Records from a data collection:

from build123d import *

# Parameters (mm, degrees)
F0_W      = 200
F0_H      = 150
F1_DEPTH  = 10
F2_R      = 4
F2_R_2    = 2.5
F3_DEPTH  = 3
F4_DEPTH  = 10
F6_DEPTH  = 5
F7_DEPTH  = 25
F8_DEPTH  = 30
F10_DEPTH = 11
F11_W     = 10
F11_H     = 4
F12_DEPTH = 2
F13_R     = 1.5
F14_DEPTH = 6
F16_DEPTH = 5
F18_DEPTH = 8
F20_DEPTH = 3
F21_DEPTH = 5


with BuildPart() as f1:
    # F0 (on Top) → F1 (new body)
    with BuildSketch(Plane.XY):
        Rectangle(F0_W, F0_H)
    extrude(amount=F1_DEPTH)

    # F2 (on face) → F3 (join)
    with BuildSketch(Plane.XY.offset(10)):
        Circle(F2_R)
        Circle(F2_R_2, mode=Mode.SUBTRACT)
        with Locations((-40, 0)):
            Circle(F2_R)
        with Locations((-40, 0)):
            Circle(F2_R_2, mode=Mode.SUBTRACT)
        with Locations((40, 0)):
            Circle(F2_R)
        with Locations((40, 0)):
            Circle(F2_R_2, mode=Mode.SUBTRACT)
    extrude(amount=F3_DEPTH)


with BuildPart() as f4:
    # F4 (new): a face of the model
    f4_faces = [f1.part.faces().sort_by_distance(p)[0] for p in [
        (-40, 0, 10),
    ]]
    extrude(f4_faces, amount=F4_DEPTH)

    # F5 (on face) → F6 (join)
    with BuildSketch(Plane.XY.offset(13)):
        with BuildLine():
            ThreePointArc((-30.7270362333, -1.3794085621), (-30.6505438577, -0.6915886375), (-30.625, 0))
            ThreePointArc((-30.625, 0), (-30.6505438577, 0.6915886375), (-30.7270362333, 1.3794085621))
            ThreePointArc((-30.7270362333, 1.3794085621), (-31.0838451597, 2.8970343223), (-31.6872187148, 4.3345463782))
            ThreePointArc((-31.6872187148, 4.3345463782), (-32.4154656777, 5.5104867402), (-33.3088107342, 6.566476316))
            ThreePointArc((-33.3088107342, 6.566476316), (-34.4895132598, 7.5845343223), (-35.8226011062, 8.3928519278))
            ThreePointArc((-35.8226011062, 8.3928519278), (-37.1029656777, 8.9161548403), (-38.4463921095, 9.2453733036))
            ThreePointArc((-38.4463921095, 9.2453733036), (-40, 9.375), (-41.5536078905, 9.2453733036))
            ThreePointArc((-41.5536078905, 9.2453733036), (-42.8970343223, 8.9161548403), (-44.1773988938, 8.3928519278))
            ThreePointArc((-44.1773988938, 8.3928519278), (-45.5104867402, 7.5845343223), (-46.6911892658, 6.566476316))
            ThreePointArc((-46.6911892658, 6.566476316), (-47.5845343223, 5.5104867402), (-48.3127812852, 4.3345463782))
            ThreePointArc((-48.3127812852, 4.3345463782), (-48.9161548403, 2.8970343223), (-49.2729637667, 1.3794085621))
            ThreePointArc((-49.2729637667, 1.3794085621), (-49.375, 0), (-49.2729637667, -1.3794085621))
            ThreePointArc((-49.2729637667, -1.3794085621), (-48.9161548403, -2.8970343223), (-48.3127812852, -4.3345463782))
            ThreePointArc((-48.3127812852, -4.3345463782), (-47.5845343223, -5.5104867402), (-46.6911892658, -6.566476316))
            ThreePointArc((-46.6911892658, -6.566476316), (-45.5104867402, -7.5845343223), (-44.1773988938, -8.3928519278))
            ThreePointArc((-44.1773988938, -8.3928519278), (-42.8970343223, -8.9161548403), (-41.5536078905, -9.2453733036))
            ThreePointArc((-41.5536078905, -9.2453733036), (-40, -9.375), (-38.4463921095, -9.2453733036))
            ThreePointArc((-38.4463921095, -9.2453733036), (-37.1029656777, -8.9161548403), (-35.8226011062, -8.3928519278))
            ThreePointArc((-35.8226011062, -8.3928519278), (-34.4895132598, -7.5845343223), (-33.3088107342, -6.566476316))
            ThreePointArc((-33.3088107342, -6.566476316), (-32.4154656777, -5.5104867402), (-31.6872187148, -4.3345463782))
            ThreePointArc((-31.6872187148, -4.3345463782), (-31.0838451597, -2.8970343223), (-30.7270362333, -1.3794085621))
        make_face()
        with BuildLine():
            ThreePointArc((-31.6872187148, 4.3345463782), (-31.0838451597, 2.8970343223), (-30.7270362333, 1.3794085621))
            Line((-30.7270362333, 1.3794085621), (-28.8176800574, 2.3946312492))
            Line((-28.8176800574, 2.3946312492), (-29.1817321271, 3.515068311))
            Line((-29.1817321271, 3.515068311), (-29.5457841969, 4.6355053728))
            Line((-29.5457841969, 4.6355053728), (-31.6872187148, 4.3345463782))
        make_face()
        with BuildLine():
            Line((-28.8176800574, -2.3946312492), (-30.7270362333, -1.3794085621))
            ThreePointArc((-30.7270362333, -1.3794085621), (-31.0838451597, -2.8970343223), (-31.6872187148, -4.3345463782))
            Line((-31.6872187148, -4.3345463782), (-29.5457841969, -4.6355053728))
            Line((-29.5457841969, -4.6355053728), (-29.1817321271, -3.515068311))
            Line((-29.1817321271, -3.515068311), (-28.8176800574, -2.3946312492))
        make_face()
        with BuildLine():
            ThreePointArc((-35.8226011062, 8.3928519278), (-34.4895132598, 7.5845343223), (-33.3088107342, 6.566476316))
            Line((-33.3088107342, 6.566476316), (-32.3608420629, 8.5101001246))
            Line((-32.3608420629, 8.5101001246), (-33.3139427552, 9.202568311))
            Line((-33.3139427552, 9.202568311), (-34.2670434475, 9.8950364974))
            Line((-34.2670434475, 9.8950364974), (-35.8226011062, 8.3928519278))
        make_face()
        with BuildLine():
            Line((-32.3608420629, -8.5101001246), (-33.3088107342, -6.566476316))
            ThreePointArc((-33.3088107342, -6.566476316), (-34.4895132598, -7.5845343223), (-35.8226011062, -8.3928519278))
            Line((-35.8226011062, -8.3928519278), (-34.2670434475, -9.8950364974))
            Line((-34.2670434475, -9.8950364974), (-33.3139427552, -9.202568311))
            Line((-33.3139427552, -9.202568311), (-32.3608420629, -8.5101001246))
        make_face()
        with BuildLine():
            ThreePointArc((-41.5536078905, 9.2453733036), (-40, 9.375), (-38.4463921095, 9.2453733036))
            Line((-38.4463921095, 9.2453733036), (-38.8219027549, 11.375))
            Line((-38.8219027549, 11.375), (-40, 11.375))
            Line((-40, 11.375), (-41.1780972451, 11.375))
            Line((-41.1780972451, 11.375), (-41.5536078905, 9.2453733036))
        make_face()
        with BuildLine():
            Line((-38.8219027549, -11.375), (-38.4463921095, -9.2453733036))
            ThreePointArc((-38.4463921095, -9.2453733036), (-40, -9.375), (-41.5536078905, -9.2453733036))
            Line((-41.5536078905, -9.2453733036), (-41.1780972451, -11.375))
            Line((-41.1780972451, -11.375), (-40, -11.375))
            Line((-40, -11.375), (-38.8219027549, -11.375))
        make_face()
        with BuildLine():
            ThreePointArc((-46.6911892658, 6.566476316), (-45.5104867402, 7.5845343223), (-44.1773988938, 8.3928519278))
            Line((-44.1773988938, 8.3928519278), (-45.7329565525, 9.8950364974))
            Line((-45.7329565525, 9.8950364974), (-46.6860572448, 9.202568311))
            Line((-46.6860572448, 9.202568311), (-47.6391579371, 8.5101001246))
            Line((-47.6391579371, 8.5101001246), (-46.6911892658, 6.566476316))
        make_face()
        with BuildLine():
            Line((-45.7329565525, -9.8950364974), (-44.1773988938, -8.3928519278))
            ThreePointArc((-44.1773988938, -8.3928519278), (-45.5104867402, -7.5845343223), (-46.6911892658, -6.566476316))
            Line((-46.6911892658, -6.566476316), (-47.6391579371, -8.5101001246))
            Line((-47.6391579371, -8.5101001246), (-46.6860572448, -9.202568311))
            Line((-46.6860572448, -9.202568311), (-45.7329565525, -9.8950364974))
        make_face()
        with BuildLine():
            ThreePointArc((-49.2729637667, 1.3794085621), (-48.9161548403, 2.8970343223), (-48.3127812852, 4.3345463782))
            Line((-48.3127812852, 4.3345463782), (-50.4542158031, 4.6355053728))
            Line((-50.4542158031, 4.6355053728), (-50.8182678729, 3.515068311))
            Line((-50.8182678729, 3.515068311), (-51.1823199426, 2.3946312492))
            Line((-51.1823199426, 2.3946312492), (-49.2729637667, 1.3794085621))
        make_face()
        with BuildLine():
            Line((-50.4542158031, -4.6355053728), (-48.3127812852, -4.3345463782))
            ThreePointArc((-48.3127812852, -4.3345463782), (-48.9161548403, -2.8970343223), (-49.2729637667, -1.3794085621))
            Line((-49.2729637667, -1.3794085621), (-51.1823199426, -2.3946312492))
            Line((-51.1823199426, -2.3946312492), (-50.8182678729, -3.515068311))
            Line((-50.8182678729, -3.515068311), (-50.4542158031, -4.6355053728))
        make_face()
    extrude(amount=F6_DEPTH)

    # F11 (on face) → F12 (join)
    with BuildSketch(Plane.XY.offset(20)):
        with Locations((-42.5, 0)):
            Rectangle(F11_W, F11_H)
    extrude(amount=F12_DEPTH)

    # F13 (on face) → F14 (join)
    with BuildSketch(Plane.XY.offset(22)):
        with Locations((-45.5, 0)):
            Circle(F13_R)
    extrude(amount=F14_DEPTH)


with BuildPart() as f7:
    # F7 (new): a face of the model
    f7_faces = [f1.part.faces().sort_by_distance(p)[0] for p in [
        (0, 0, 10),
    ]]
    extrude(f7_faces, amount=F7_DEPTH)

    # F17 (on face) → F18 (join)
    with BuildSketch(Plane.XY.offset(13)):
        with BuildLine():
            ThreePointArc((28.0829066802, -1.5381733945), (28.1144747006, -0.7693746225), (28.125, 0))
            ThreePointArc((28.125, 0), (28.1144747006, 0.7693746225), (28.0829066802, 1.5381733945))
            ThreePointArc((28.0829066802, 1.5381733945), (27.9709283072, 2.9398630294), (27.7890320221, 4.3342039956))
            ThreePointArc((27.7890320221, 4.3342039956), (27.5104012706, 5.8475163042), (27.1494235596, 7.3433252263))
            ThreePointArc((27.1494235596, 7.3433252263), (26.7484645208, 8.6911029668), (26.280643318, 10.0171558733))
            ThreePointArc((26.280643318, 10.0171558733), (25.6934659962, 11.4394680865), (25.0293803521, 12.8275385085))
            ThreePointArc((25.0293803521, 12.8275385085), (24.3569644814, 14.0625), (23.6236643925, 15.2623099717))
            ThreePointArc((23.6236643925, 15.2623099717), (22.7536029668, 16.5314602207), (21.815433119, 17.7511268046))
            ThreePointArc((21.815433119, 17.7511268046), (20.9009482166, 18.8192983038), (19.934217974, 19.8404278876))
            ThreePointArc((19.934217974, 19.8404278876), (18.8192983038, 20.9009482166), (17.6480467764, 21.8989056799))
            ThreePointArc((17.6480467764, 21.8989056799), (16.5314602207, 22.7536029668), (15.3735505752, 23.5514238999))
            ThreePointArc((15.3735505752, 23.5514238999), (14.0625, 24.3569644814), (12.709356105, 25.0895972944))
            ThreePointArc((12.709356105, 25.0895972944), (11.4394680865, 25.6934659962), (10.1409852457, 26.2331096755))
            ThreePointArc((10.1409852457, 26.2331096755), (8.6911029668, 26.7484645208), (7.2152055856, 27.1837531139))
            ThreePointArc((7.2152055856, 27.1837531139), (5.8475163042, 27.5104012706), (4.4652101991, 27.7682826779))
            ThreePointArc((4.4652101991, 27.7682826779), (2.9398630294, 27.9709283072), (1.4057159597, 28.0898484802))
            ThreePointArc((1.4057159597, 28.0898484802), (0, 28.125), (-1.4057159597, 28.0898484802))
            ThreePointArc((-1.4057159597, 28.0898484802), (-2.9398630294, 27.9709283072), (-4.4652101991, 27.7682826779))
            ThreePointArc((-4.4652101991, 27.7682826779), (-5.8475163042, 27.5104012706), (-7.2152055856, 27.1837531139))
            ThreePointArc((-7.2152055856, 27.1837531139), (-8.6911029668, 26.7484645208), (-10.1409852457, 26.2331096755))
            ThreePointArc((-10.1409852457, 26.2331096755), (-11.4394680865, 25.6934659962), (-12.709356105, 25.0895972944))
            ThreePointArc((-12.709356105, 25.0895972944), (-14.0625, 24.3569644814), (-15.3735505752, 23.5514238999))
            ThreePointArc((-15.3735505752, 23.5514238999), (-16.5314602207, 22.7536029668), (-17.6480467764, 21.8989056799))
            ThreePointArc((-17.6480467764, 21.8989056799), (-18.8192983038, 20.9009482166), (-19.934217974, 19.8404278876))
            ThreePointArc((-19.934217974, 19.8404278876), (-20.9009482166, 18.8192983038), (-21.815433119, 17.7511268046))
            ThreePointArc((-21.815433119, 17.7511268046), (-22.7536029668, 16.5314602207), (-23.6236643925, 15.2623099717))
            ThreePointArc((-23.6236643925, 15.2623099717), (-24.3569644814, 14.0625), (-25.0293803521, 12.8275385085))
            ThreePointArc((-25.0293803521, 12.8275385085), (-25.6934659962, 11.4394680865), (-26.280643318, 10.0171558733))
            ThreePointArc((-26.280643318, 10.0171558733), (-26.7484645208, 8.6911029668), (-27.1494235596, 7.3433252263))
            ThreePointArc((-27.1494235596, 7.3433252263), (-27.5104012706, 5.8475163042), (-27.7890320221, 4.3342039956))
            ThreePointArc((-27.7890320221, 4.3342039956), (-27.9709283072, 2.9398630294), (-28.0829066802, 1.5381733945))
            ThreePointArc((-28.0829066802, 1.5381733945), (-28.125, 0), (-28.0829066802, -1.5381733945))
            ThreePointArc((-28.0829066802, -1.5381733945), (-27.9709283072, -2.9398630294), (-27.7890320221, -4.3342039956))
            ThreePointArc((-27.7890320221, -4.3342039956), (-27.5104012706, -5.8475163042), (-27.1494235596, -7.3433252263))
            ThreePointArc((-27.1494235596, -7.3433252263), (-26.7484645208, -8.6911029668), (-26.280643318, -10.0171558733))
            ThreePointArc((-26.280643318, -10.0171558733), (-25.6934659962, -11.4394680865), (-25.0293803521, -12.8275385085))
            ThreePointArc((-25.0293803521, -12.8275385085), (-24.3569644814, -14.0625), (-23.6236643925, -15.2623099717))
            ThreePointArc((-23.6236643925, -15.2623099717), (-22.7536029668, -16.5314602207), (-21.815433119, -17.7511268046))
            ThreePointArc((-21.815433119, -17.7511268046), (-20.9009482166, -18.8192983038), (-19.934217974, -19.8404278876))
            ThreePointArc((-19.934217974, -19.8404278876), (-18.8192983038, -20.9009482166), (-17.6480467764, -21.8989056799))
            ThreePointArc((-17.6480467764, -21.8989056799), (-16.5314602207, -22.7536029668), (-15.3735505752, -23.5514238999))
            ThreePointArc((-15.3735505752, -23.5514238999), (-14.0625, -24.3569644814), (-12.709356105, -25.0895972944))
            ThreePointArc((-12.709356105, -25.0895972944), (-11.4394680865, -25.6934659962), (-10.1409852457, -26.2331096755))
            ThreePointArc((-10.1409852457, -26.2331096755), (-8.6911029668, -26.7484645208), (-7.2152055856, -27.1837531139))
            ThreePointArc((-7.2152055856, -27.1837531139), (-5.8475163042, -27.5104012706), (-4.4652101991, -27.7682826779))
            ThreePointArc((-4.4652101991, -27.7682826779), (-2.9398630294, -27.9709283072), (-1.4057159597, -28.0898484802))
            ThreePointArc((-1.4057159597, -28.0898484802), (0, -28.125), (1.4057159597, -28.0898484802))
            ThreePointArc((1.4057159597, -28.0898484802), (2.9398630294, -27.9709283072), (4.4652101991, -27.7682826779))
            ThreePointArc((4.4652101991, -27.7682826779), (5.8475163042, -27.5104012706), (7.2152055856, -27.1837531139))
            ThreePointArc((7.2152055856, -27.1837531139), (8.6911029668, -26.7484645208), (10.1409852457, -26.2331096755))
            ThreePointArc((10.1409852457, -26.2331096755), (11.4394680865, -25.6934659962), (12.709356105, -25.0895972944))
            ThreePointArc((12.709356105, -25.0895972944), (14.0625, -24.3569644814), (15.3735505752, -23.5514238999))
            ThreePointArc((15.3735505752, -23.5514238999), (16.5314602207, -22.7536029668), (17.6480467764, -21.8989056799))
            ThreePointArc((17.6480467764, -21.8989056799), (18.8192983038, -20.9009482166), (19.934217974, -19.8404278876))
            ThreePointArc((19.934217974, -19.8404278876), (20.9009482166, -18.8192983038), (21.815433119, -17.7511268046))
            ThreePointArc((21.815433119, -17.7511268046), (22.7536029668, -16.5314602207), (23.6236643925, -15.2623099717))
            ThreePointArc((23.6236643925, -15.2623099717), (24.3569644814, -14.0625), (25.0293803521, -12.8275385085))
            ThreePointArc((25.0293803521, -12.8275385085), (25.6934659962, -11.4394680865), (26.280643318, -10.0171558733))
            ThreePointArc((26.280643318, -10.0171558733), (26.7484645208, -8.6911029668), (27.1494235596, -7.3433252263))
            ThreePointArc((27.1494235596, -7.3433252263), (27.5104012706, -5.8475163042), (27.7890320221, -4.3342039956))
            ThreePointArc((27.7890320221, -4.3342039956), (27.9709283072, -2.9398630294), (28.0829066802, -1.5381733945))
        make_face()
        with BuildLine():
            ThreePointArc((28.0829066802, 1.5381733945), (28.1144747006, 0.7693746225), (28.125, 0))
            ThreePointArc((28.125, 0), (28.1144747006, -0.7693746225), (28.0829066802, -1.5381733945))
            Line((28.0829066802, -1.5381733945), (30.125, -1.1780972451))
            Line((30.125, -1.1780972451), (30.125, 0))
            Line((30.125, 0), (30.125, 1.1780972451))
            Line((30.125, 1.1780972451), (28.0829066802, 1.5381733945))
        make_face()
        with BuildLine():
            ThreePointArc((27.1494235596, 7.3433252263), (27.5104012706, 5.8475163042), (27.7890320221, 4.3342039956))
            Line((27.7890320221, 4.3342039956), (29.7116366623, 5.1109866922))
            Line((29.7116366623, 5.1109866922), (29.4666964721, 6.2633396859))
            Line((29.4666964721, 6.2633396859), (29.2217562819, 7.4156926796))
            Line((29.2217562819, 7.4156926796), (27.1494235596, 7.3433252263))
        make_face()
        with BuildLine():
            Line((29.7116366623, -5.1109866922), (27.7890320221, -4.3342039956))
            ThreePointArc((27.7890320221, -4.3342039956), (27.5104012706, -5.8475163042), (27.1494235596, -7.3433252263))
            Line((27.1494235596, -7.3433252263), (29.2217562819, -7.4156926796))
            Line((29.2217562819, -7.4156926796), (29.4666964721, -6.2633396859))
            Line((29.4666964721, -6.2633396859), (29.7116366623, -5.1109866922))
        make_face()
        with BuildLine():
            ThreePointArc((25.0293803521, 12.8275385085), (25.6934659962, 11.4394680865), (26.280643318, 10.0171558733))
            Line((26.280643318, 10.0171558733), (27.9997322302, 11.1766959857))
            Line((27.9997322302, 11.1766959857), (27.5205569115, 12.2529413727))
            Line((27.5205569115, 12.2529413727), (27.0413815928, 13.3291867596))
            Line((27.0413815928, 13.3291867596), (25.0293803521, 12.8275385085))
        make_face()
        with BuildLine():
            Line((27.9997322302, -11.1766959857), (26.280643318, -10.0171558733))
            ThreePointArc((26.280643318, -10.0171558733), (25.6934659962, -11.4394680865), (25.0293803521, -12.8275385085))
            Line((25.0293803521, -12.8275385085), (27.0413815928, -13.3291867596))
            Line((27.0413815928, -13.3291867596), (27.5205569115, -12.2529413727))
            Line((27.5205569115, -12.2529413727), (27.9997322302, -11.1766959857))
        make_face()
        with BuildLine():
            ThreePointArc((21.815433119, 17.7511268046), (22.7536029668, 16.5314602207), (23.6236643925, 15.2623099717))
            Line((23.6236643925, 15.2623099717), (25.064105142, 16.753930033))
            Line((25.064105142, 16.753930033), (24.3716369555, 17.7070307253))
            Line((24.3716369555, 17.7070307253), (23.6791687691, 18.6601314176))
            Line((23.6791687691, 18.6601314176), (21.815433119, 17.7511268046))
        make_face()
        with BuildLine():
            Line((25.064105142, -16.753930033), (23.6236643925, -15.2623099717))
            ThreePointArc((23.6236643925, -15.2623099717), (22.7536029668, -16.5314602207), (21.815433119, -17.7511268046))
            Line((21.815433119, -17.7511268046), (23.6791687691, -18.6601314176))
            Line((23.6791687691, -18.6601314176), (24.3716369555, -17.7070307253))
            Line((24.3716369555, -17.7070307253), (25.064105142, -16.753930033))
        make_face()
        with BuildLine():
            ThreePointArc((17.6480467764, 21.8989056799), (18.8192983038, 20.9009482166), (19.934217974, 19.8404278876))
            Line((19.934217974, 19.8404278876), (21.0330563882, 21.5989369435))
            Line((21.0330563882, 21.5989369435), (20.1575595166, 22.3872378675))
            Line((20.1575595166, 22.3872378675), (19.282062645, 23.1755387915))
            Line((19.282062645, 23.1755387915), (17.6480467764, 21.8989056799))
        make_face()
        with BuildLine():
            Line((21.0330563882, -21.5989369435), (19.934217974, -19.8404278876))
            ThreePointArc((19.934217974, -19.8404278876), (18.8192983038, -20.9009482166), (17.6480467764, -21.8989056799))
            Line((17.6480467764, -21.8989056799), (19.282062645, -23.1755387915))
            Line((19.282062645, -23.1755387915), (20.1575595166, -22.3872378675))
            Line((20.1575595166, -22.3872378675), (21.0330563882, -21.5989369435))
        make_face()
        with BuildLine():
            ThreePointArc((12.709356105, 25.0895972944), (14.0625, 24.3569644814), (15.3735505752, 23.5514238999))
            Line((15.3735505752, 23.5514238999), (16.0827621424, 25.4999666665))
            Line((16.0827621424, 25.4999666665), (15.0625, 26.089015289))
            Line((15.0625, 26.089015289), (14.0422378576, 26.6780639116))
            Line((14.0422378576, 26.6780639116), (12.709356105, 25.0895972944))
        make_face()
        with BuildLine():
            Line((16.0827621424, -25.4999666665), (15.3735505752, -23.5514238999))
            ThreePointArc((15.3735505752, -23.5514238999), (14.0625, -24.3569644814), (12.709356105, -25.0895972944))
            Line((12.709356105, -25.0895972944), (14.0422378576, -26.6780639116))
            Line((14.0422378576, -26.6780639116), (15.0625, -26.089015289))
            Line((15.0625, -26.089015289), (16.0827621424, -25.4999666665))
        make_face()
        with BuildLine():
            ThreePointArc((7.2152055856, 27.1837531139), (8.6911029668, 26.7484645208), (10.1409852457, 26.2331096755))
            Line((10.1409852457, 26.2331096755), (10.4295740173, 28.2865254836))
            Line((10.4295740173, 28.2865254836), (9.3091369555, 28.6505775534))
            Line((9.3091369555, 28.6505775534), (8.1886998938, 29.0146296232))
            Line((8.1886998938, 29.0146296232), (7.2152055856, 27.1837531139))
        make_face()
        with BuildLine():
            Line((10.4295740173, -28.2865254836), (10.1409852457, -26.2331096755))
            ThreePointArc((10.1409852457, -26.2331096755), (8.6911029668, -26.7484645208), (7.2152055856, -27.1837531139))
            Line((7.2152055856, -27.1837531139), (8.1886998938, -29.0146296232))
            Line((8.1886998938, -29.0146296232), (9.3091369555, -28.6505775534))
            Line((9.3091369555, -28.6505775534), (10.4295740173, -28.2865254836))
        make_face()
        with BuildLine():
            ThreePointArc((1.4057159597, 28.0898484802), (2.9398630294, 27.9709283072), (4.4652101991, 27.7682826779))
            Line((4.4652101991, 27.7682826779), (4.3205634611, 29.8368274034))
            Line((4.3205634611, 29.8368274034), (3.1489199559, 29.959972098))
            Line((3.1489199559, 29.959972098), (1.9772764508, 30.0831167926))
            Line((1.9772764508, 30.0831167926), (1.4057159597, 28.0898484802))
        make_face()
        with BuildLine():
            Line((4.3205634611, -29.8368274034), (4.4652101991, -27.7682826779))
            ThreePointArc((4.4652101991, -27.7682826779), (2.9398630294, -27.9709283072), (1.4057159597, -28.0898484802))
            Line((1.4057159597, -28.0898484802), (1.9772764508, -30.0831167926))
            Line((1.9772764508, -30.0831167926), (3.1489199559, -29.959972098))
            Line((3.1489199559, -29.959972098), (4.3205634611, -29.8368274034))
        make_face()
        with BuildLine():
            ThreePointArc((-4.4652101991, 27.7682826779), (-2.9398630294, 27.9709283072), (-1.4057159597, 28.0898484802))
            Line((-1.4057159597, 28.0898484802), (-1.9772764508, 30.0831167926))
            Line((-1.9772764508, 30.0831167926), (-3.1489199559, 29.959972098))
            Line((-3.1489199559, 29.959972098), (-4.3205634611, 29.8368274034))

> Task item
Work through the records above. Copy every line with the string "model".

> Solution for this exercise
    # F4 (new): a face of the model
    # F7 (new): a face of the model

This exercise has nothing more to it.